Exercise instructions
Apart from the images, repeat the data below exactly as written.
------------------------------------------------------------
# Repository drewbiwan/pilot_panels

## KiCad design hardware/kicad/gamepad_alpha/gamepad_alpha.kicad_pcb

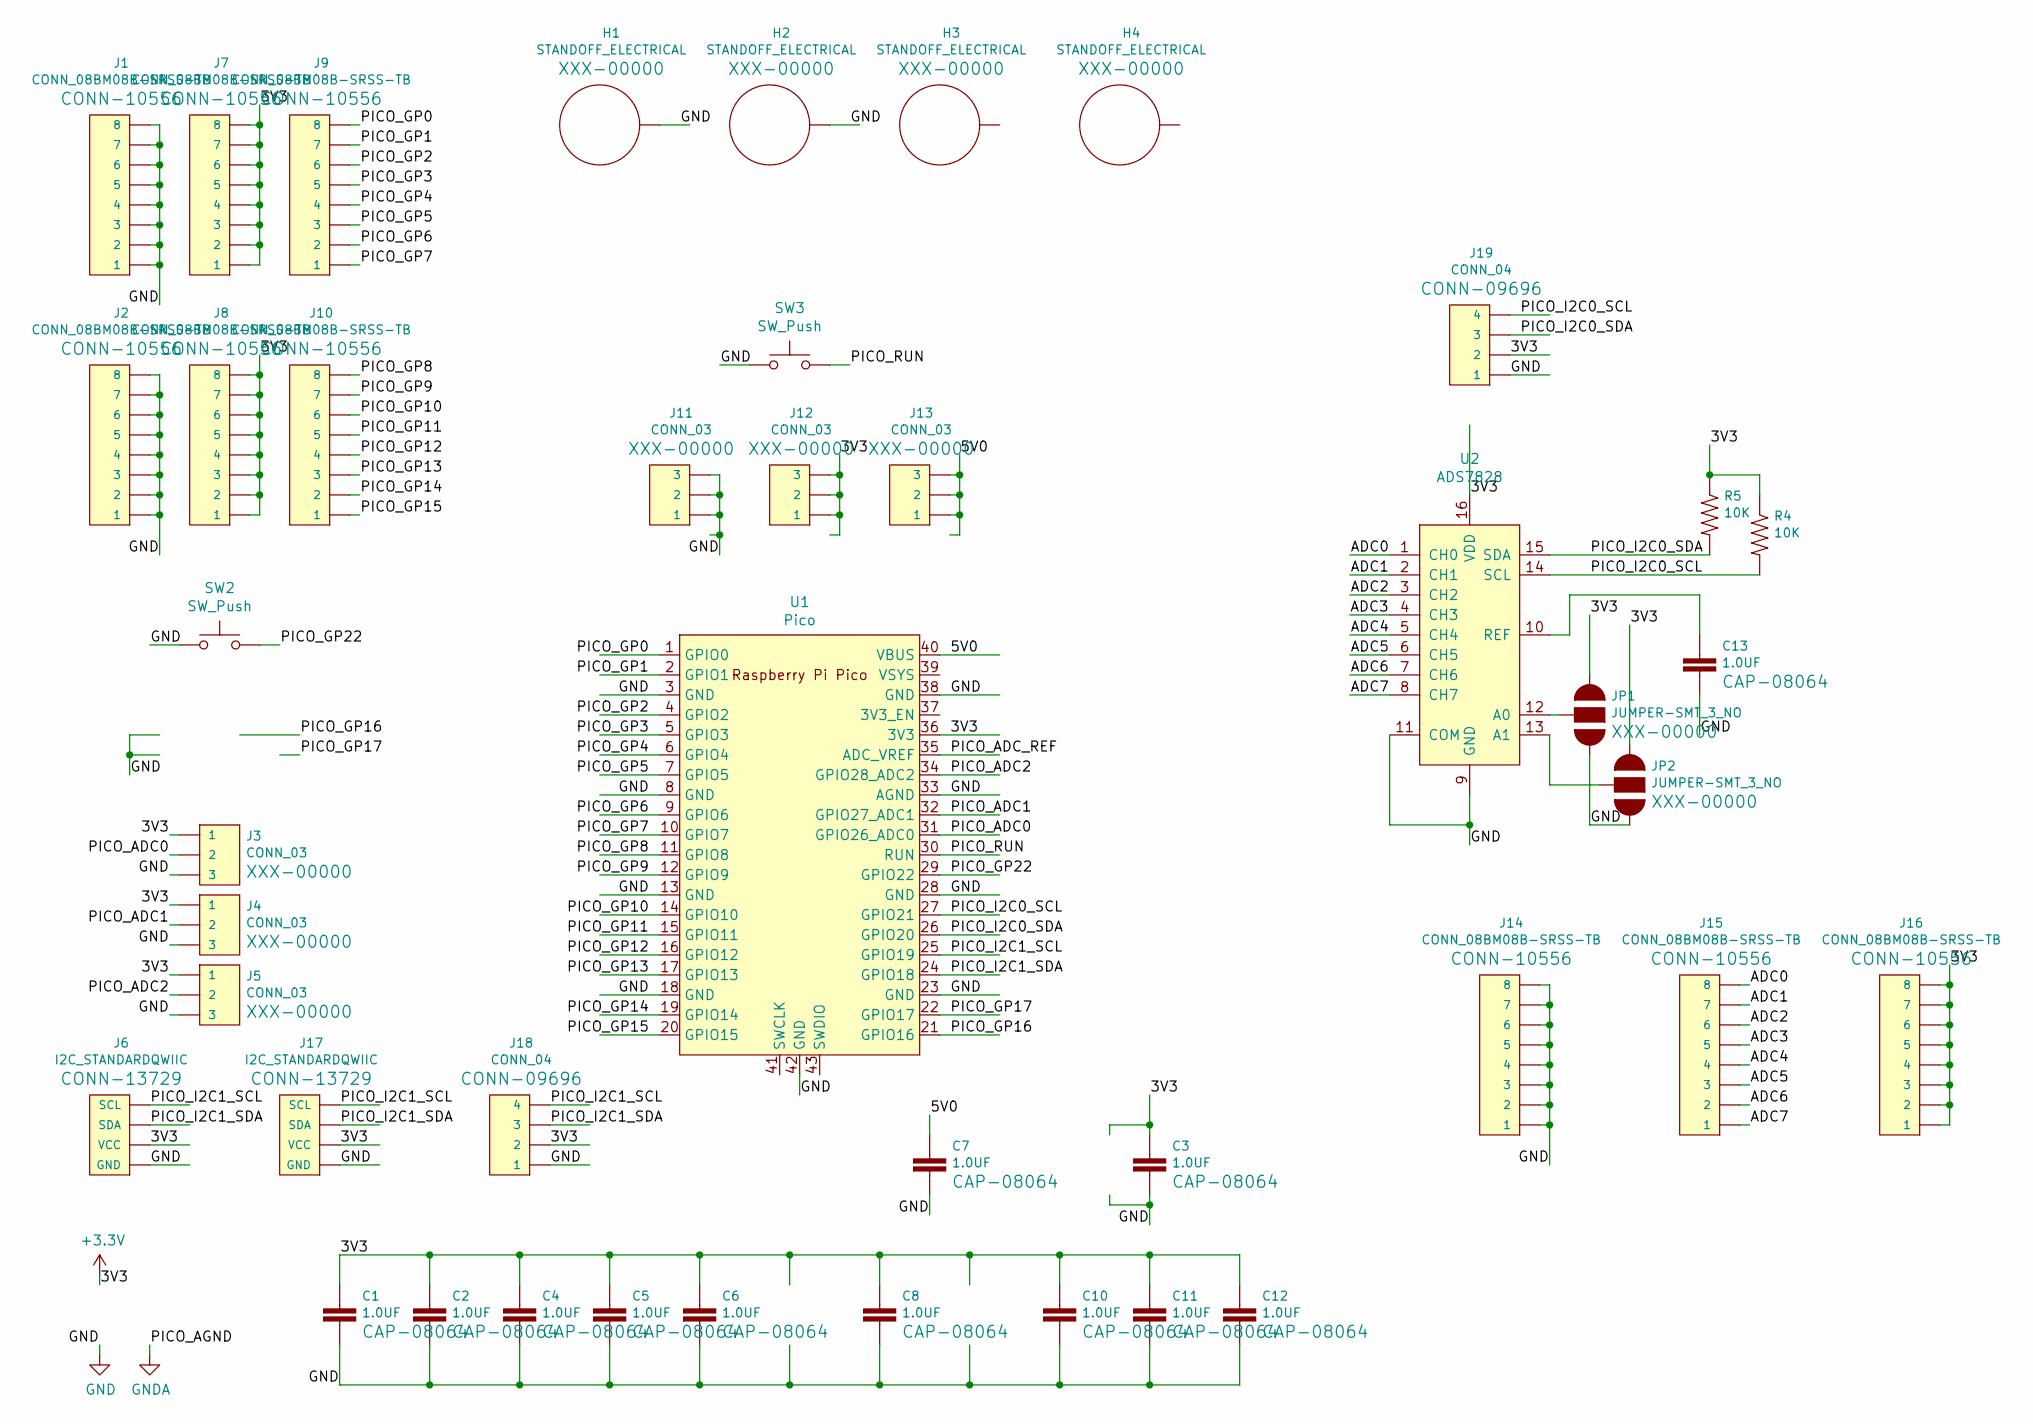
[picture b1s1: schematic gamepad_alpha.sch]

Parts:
C1, C2, C3, C4, C5, C6, C7, C8, C10, C11, C12, C13: 1.0UF; R_0805_2012Metric_Pad1.20x1.40mm_HandSolder
H1, H2, H3, H4: STANDOFF_ELECTRICAL; STANDOFF-ELECTRICAL
J1, J2, J7, J8, J9, J10, J14, J15, J16: CONN_08BM08B-SRSS-TB; PinHeader_1x08_P2.54mm_Vertical
J3, J4, J5, J11, J12, J13: CONN_03; 1X03
J6, J17: I2C_STANDARDQWIIC; 1X04_1MM_RA
J18, J19: CONN_04; 1X04
JP1, JP2: JUMPER-SMT_3_NO; SMT-JUMPER_3_NO_SILK
R4, R5: 10K; R_0805_2012Metric_Pad1.20x1.40mm_HandSolder
SW2, SW3: SW_Push; SW_SPST_TL3342
U1: Pico; RPi_Pico_SMD_TH
U2: ADS7828; TSSOP-16_4.4x5mm_P0.65mm

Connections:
+3V3: C1.1, C2.1, C3.1, C4.1, C5.1, C6.1, C8.1, C10.1, C11.1, C12.1, J3.1, J4.1, J5.1, J6.2 (VCC), J7.1, J7.2, J7.3, J7.4, J7.5, J7.6, J7.7, J7.8, J8.1, J8.2, J8.3, J8.4, J8.5, J8.6, J8.7, J8.8, J12.1, J12.2, J12.3, J16.1, J16.2, J16.3, J16.4, J16.5, J16.6, J16.7, J16.8, J17.2 (VCC), J18.2, J19.2, JP1.1, JP2.1, R4.1, R5.1, U1.36 (3V3), U2.16 (VDD)
/5V0: C7.1, J13.1, J13.2, J13.3, U1.40 (VBUS)
/ADC0: J15.8, U2.1 (CH0)
/ADC1: J15.7, U2.2 (CH1)
/ADC2: J15.6, U2.3 (CH2)
/ADC3: J15.5, U2.4 (CH3)
/ADC4: J15.4, U2.5 (CH4)
/ADC5: J15.3, U2.6 (CH5)
/ADC6: J15.2, U2.7 (CH6)
/ADC7: J15.1, U2.8 (CH7)
/PICO_ADC0: J3.2, U1.31 (GPIO26_ADC0)
/PICO_ADC1: J4.2, U1.32 (GPIO27_ADC1)
/PICO_ADC2: J5.2, U1.34 (GPIO28_ADC2)
/PICO_ADC_REF: U1.35 (ADC_VREF)
/PICO_GP0: J9.8, U1.1 (GPIO0)
/PICO_GP1: J9.7, U1.2 (GPIO1)
/PICO_GP2: J9.6, U1.4 (GPIO2)
/PICO_GP3: J9.5, U1.5 (GPIO3)
/PICO_GP4: J9.4, U1.6 (GPIO4)
/PICO_GP5: J9.3, U1.7 (GPIO5)
/PICO_GP6: J9.2, U1.9 (GPIO6)
/PICO_GP7: J9.1, U1.10 (GPIO7)
/PICO_GP8: J10.8, U1.11 (GPIO8)
/PICO_GP9: J10.7, U1.12 (GPIO9)
/PICO_GP10: J10.6, U1.14 (GPIO10)
/PICO_GP11: J10.5, U1.15 (GPIO11)
/PICO_GP12: J10.4, U1.16 (GPIO12)
/PICO_GP13: J10.3, U1.17 (GPIO13)
/PICO_GP14: J10.2, U1.19 (GPIO14)
/PICO_GP15: J10.1, U1.20 (GPIO15)
/PICO_GP16: U1.21 (GPIO16)
/PICO_GP17: U1.22 (GPIO17)
/PICO_GP22: SW2.2, U1.29 (GPIO22)
/PICO_I2C0_SCL: J19.4, R4.2, U1.27 (GPIO21), U2.14 (SCL)
/PICO_I2C0_SDA: J19.3, R5.2, U1.26 (GPIO20), U2.15 (SDA)
/PICO_I2C1_SCL: J6.4 (SCL), J17.4 (SCL), J18.4, U1.25 (GPIO19)
/PICO_I2C1_SDA: J6.3 (SDA), J17.3 (SDA), J18.3, U1.24 (GPIO18)
/PICO_RUN: SW3.2, U1.30 (RUN)
GND: C1.2, C2.2, C3.2, C4.2, C5.2, C6.2, C7.2, C8.2, C10.2, C11.2, C12.2, C13.2, H1.P1, H2.P1, J1.1, J1.2, J1.3, J1.4, J1.5, J1.6, J1.7, J1.8, J2.1, J2.2, J2.3, J2.4, J2.5, J2.6, J2.7, J2.8, J3.3, J4.3, J5.3, J6.1 (GND), J11.1, J11.2, J11.3, J14.1, J14.2, J14.3, J14.4, J14.5, J14.6, J14.7, J14.8, J17.1 (GND), J18.1, J19.1, JP1.3, JP2.3, SW2.1, SW3.1, U1.3 (GND), U1.8 (GND), U1.13 (GND), U1.18 (GND), U1.23 (GND), U1.28 (GND), U1.33 (AGND), U1.38 (GND), U1.42 (GND), U2.9 (GND), U2.11 (COM)
unnamed: C13.1, U2.10 (REF)
unnamed: JP1.2, U2.12 (A0)
unnamed: JP2.2, U2.13 (A1)

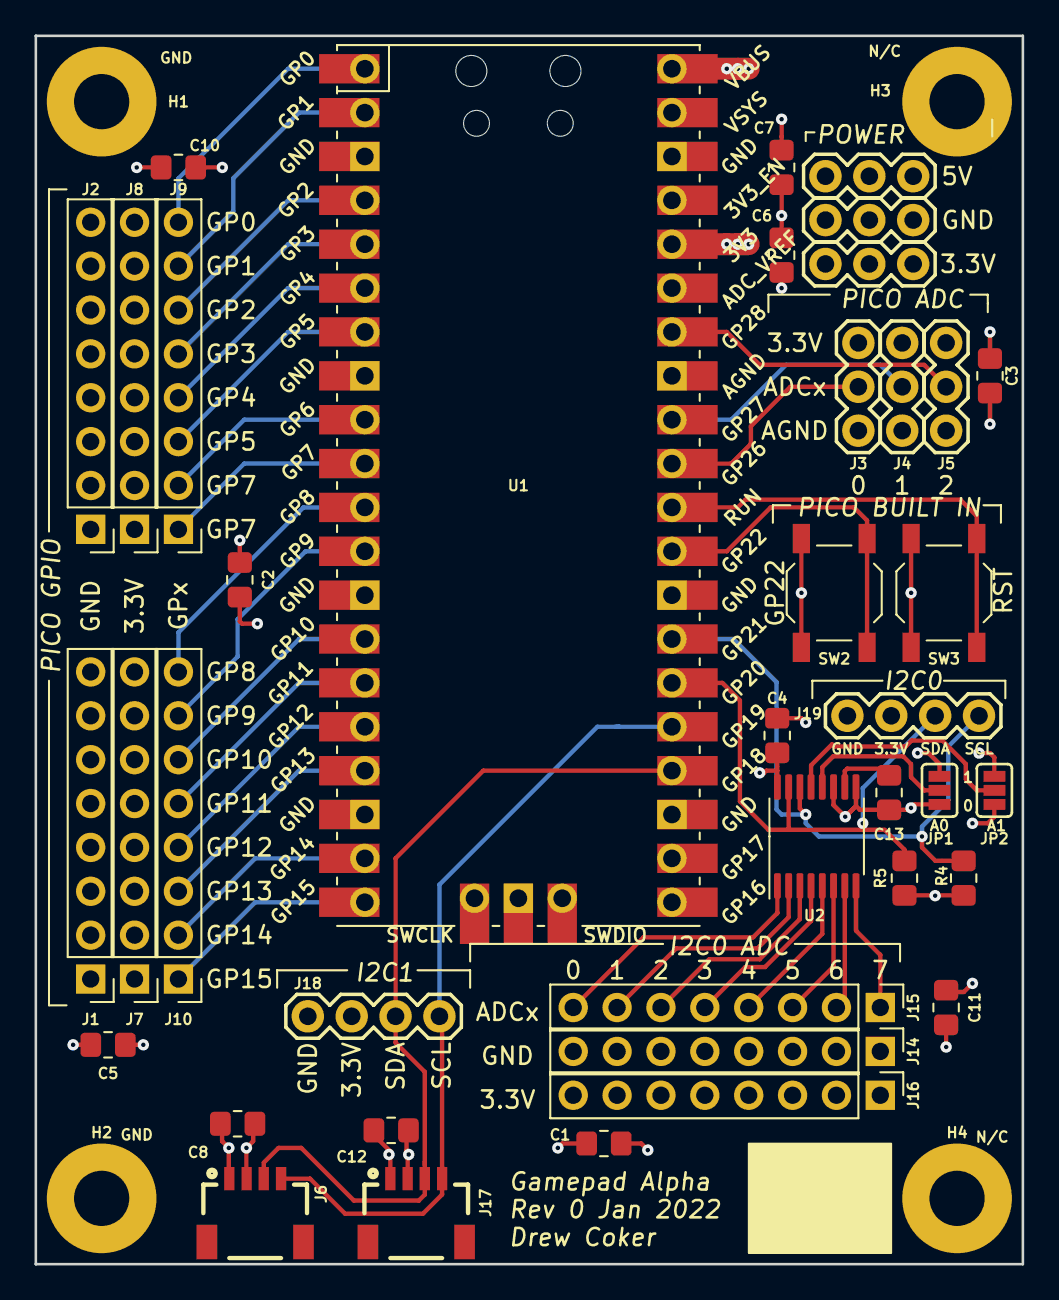
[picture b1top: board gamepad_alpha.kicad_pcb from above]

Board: 4 copper layers, 57.2 x 71.1 mm, 43 parts (0 on the bottom side), 39 nets.

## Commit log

2022-01-23 Added script for deploying to hardware
2022-01-23 added documentation
2022-01-23 playing around with hardware, code structure
2022-01-24 Added neopixels. Tested HID successfully
2022-01-27 clearer hid map
2022-01-29 Ad mod file for rev0
2022-01-30 composite hid device setup, not working
2022-01-30 still tyring
2022-01-30 "report id declaration outside of collection"
2022-01-30 working with separate reports for buttons and axes
2022-01-30 Added sliders to analog report
2022-02-25 Added new directory for alpha rev 0 hardware
2022-02-27 more reference pictures, uf2 for pico
2022-02-27 moved examples, uf2, library directories
2022-02-27 Actually moved things
2022-03-02 removed all feather-specific code
2022-03-02 some changes are needed for rev1
2022-03-02 i2c pullup issue found
2022-03-02 added i2c interface, pin strings
2022-03-02 Updated report, moving to generic configuration settings
2022-05-01 Adding reference materials
2022-05-02 Reorganized digital io setup and read
------------------------------------------------------------
Result below
# Repository drewbiwan/pilot_panels

## KiCad design hardware/kicad/gamepad_alpha/gamepad_alpha.kicad_pcb

[picture b1s1: schematic gamepad_alpha.sch]

Parts:
C1, C2, C3, C4, C5, C6, C7, C8, C10, C11, C12, C13: 1.0UF; R_0805_2012Metric_Pad1.20x1.40mm_HandSolder
H1, H2, H3, H4: STANDOFF_ELECTRICAL; STANDOFF-ELECTRICAL
J1, J2, J7, J8, J9, J10, J14, J15, J16: CONN_08BM08B-SRSS-TB; PinHeader_1x08_P2.54mm_Vertical
J3, J4, J5, J11, J12, J13: CONN_03; 1X03
J6, J17: I2C_STANDARDQWIIC; 1X04_1MM_RA
J18, J19: CONN_04; 1X04
JP1, JP2: JUMPER-SMT_3_NO; SMT-JUMPER_3_NO_SILK
R4, R5: 10K; R_0805_2012Metric_Pad1.20x1.40mm_HandSolder
SW2, SW3: SW_Push; SW_SPST_TL3342
U1: Pico; RPi_Pico_SMD_TH
U2: ADS7828; TSSOP-16_4.4x5mm_P0.65mm

Connections:
+3V3: C1.1, C2.1, C3.1, C4.1, C5.1, C6.1, C8.1, C10.1, C11.1, C12.1, J3.1, J4.1, J5.1, J6.2 (VCC), J7.1, J7.2, J7.3, J7.4, J7.5, J7.6, J7.7, J7.8, J8.1, J8.2, J8.3, J8.4, J8.5, J8.6, J8.7, J8.8, J12.1, J12.2, J12.3, J16.1, J16.2, J16.3, J16.4, J16.5, J16.6, J16.7, J16.8, J17.2 (VCC), J18.2, J19.2, JP1.1, JP2.1, R4.1, R5.1, U1.36 (3V3), U2.16 (VDD)
/5V0: C7.1, J13.1, J13.2, J13.3, U1.40 (VBUS)
/ADC0: J15.8, U2.1 (CH0)
/ADC1: J15.7, U2.2 (CH1)
/ADC2: J15.6, U2.3 (CH2)
/ADC3: J15.5, U2.4 (CH3)
/ADC4: J15.4, U2.5 (CH4)
/ADC5: J15.3, U2.6 (CH5)
/ADC6: J15.2, U2.7 (CH6)
/ADC7: J15.1, U2.8 (CH7)
/PICO_ADC0: J3.2, U1.31 (GPIO26_ADC0)
/PICO_ADC1: J4.2, U1.32 (GPIO27_ADC1)
/PICO_ADC2: J5.2, U1.34 (GPIO28_ADC2)
/PICO_ADC_REF: U1.35 (ADC_VREF)
/PICO_GP0: J9.8, U1.1 (GPIO0)
/PICO_GP1: J9.7, U1.2 (GPIO1)
/PICO_GP2: J9.6, U1.4 (GPIO2)
/PICO_GP3: J9.5, U1.5 (GPIO3)
/PICO_GP4: J9.4, U1.6 (GPIO4)
/PICO_GP5: J9.3, U1.7 (GPIO5)
/PICO_GP6: J9.2, U1.9 (GPIO6)
/PICO_GP7: J9.1, U1.10 (GPIO7)
/PICO_GP8: J10.8, U1.11 (GPIO8)
/PICO_GP9: J10.7, U1.12 (GPIO9)
/PICO_GP10: J10.6, U1.14 (GPIO10)
/PICO_GP11: J10.5, U1.15 (GPIO11)
/PICO_GP12: J10.4, U1.16 (GPIO12)
/PICO_GP13: J10.3, U1.17 (GPIO13)
/PICO_GP14: J10.2, U1.19 (GPIO14)
/PICO_GP15: J10.1, U1.20 (GPIO15)
/PICO_GP16: U1.21 (GPIO16)
/PICO_GP17: U1.22 (GPIO17)
/PICO_GP22: SW2.2, U1.29 (GPIO22)
/PICO_I2C0_SCL: J19.4, R4.2, U1.27 (GPIO21), U2.14 (SCL)
/PICO_I2C0_SDA: J19.3, R5.2, U1.26 (GPIO20), U2.15 (SDA)
/PICO_I2C1_SCL: J6.4 (SCL), J17.4 (SCL), J18.4, U1.25 (GPIO19)
/PICO_I2C1_SDA: J6.3 (SDA), J17.3 (SDA), J18.3, U1.24 (GPIO18)
/PICO_RUN: SW3.2, U1.30 (RUN)
GND: C1.2, C2.2, C3.2, C4.2, C5.2, C6.2, C7.2, C8.2, C10.2, C11.2, C12.2, C13.2, H1.P1, H2.P1, J1.1, J1.2, J1.3, J1.4, J1.5, J1.6, J1.7, J1.8, J2.1, J2.2, J2.3, J2.4, J2.5, J2.6, J2.7, J2.8, J3.3, J4.3, J5.3, J6.1 (GND), J11.1, J11.2, J11.3, J14.1, J14.2, J14.3, J14.4, J14.5, J14.6, J14.7, J14.8, J17.1 (GND), J18.1, J19.1, JP1.3, JP2.3, SW2.1, SW3.1, U1.3 (GND), U1.8 (GND), U1.13 (GND), U1.18 (GND), U1.23 (GND), U1.28 (GND), U1.33 (AGND), U1.38 (GND), U1.42 (GND), U2.9 (GND), U2.11 (COM)
unnamed: C13.1, U2.10 (REF)
unnamed: JP1.2, U2.12 (A0)
unnamed: JP2.2, U2.13 (A1)

[picture b1top: board gamepad_alpha.kicad_pcb from above]

Board: 4 copper layers, 57.2 x 71.1 mm, 43 parts (0 on the bottom side), 39 nets.

## Commit log

2022-01-23 Added script for deploying to hardware
2022-01-23 added documentation
2022-01-23 playing around with hardware, code structure
2022-01-24 Added neopixels. Tested HID successfully
2022-01-27 clearer hid map
2022-01-29 Ad mod file for rev0
2022-01-30 composite hid device setup, not working
2022-01-30 still tyring
2022-01-30 "report id declaration outside of collection"
2022-01-30 working with separate reports for buttons and axes
2022-01-30 Added sliders to analog report
2022-02-25 Added new directory for alpha rev 0 hardware
2022-02-27 more reference pictures, uf2 for pico
2022-02-27 moved examples, uf2, library directories
2022-02-27 Actually moved things
2022-03-02 removed all feather-specific code
2022-03-02 some changes are needed for rev1
2022-03-02 i2c pullup issue found
2022-03-02 added i2c interface, pin strings
2022-03-02 Updated report, moving to generic configuration settings
2022-05-01 Adding reference materials
2022-05-02 Reorganized digital io setup and read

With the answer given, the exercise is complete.